Portland’s offense should focus on providing Ariza open catch-and-shoot looks anywhere on the perimeter; he might shoot better from above the break some games and corners another – just get him the ball open on the perimeter. Last season, he knocked down 44.7% of his wide-open triples, which accounted for roughly 44% of his total outside attempts.

Because Damian Lillard and CJ McCollum attract so much of the defense’s attention, those types of open looks should be more common. The space he gets on the arc should be reminiscent of his time in Houston with James Harden as the ball handler.

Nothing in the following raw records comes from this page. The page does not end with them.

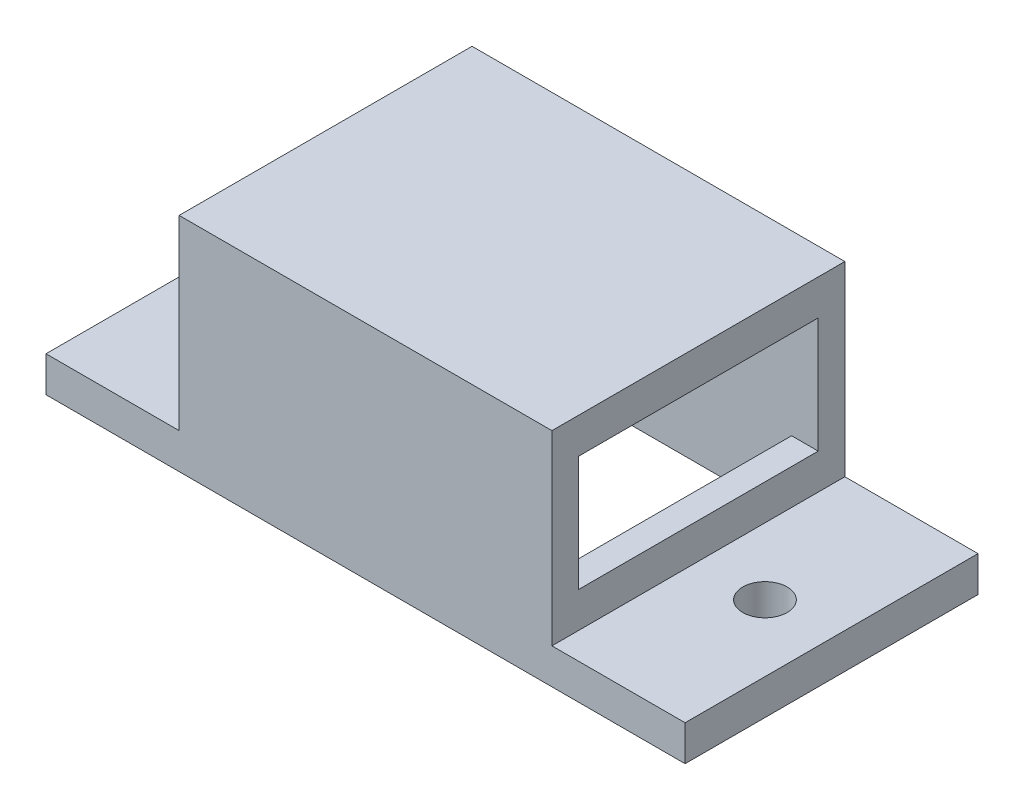
SolidWorks part; units mm, degrees
ref_plane "前基準面" through (0, 0, 0) normal (0, 0, 1) x (1, 0, 0)
ref_plane "上基準面" through (0, 0, 0) normal (0, 1, 0) x (1, 0, 0)
ref_plane "右基準面" through (0, 0, 0) normal (1, 0, 0) x (0, 0, -1)
sketch "草圖1" plane through (0, 0, 0) normal (0, 1, 0) x (1, 0, 0)
  line L1 (-21, 16.5) -> (21, 16.5)
  line L2 (-21, 16.5) -> (-21, -16.5)
  line L3 (-21, -16.5) -> (21, -16.5)
  line L4 (21, 16.5) -> (21, -16.5)
  line L5 (-21, 16.5) -> (21, -16.5) construction
  line L6 (-21, -16.5) -> (21, 16.5) construction
  point P0 (0, 0)
  dimension "D1" = 42
  dimension "D2" = 33
extrude "填料-伸長1" add sketch "草圖1" along normal blind 25
sketch "草圖2" plane through (0, 0, 0) normal (0, 1, 0) x (1, 0, 0)
  line L0 (21, 16.5) -> (-21, 16.5) construction
  line L1 (-36, 16.5) -> (36, 16.5)
  line L2 (-36, 16.5) -> (-36, -16.5)
  line L3 (-36, -16.5) -> (36, -16.5)
  line L4 (36, 16.5) -> (36, -16.5)
  line L5 (-36, 16.5) -> (36, -16.5) construction
  line L6 (-36, -16.5) -> (36, 16.5) construction
  line L7 (-21, 16.5) -> (-21, -16.5) construction
  point P0 (0, 0)
  dimension "D1" = 0
  dimension "D2" = 15
extrude "填料-伸長2" add sketch "草圖2" along normal blind 4
sketch "草圖3" plane through (0, 0, 0) normal (0, -1, 0) x (1, 0, 0)
  line L1 (-18, 13.5) -> (18, 13.5)
  line L2 (-18, 13.5) -> (-18, -13.5)
  line L3 (-18, -13.5) -> (18, -13.5)
  line L4 (18, 13.5) -> (18, -13.5)
  line L5 (-18, 13.5) -> (18, -13.5) construction
  line L6 (-18, -13.5) -> (18, 13.5) construction
  point P0 (0, 0)
  dimension "D1" = 36
  dimension "D2" = 27
extrude "除料-伸長1" cut sketch "草圖3" against normal blind 21
sketch "草圖4" plane through (-21, 0, 0) normal (-1, 0, 0) x (0, 0, 1)
  line L0 (-16.5, 25) -> (16.5, 25) construction
  line L1 (13.5, 8) -> (-13.5, 8)
  line L2 (13.5, 8) -> (13.5, 21)
  line L3 (13.5, 21) -> (-13.5, 21)
  line L4 (-13.5, 8) -> (-13.5, 21)
  line L5 (13.5, 8) -> (-13.5, 21) construction
  line L6 (13.5, 21) -> (-13.5, 8) construction
  line L7 (-16.5, 4) -> (16.5, 4) construction
  line L8 (-16.5, 25) -> (-16.5, 4) construction
  line L9 (16.5, 25) -> (16.5, 4) construction
  point P0 (0, 14.5)
  dimension "D1" = 4
  dimension "D2" = 4
  dimension "D3" = 3
  dimension "D4" = 3
extrude "除料-伸長2" cut sketch "草圖4" against normal through all
sketch "草圖5" plane through (0, 0, 0) normal (0, -1, 0) x (1, 0, 0)
  line L0 (36, 16.5) -> (36, -16.5) construction
  line L1 (0, 0) -> (0, -11.5686)
  circle A0 centre (28.5, 0) radius 2.5
  circle A1 centre (-28.5, 0) radius 2.5
  dimension "D1" = 5
  dimension "D2" = 7.5
extrude "除料-伸長3" cut sketch "草圖5" against normal through all contours A0 | A1

Catch-and-shoot threes were Bazemore’s primary contribution to the offense, and none of Gary Trent Jr., Anfernee Simons or Carmelo Anthony can step into the level Portland needs. Trent Jr. experienced too much inconsistency from deep, Simons impacts the offense more as a self-creator, and Anthony seems to only want to hit midrange jumpers and work in the post. So, the opportunity is there for Ariza to become that guy.

The other chunk of his offense results from shots at the rim.

Ariza demonstrates his experience on drives by making the right passes and not turning the ball over too much. Last year, he averaged six drives per game – more than any Blazers player not named Lillard or McCollum – and passed on just short of half of them. Despite the frequent decision to pass, his turnover rate remained at a tolerable 6.9%.

Lillard and McCollum rarely get open three-point opportunities not off the dribble…or even at all. Having Ariza occasionally penetrate the lane and make a reliable kick out pass provides the team’s best shooters with high-percentage looks.

The Blazers need a dependable floor-spacing wing and a player who understands his role as the fourth or fifth banana on offense. Ariza has history as a guy who loiters in the corner and can make the right judgements with the ball in his hands. Not to mention he’s 6-foot-8.

There’s still a chance Portland makes another trade and Ariza barely suits up for Portland, and there’s a chance he doesn’t return next season as a money-saving option for the organization. But on paper, the veteran forward can add a belated dimension to this Blazers team pushing for a spot in the playoffs.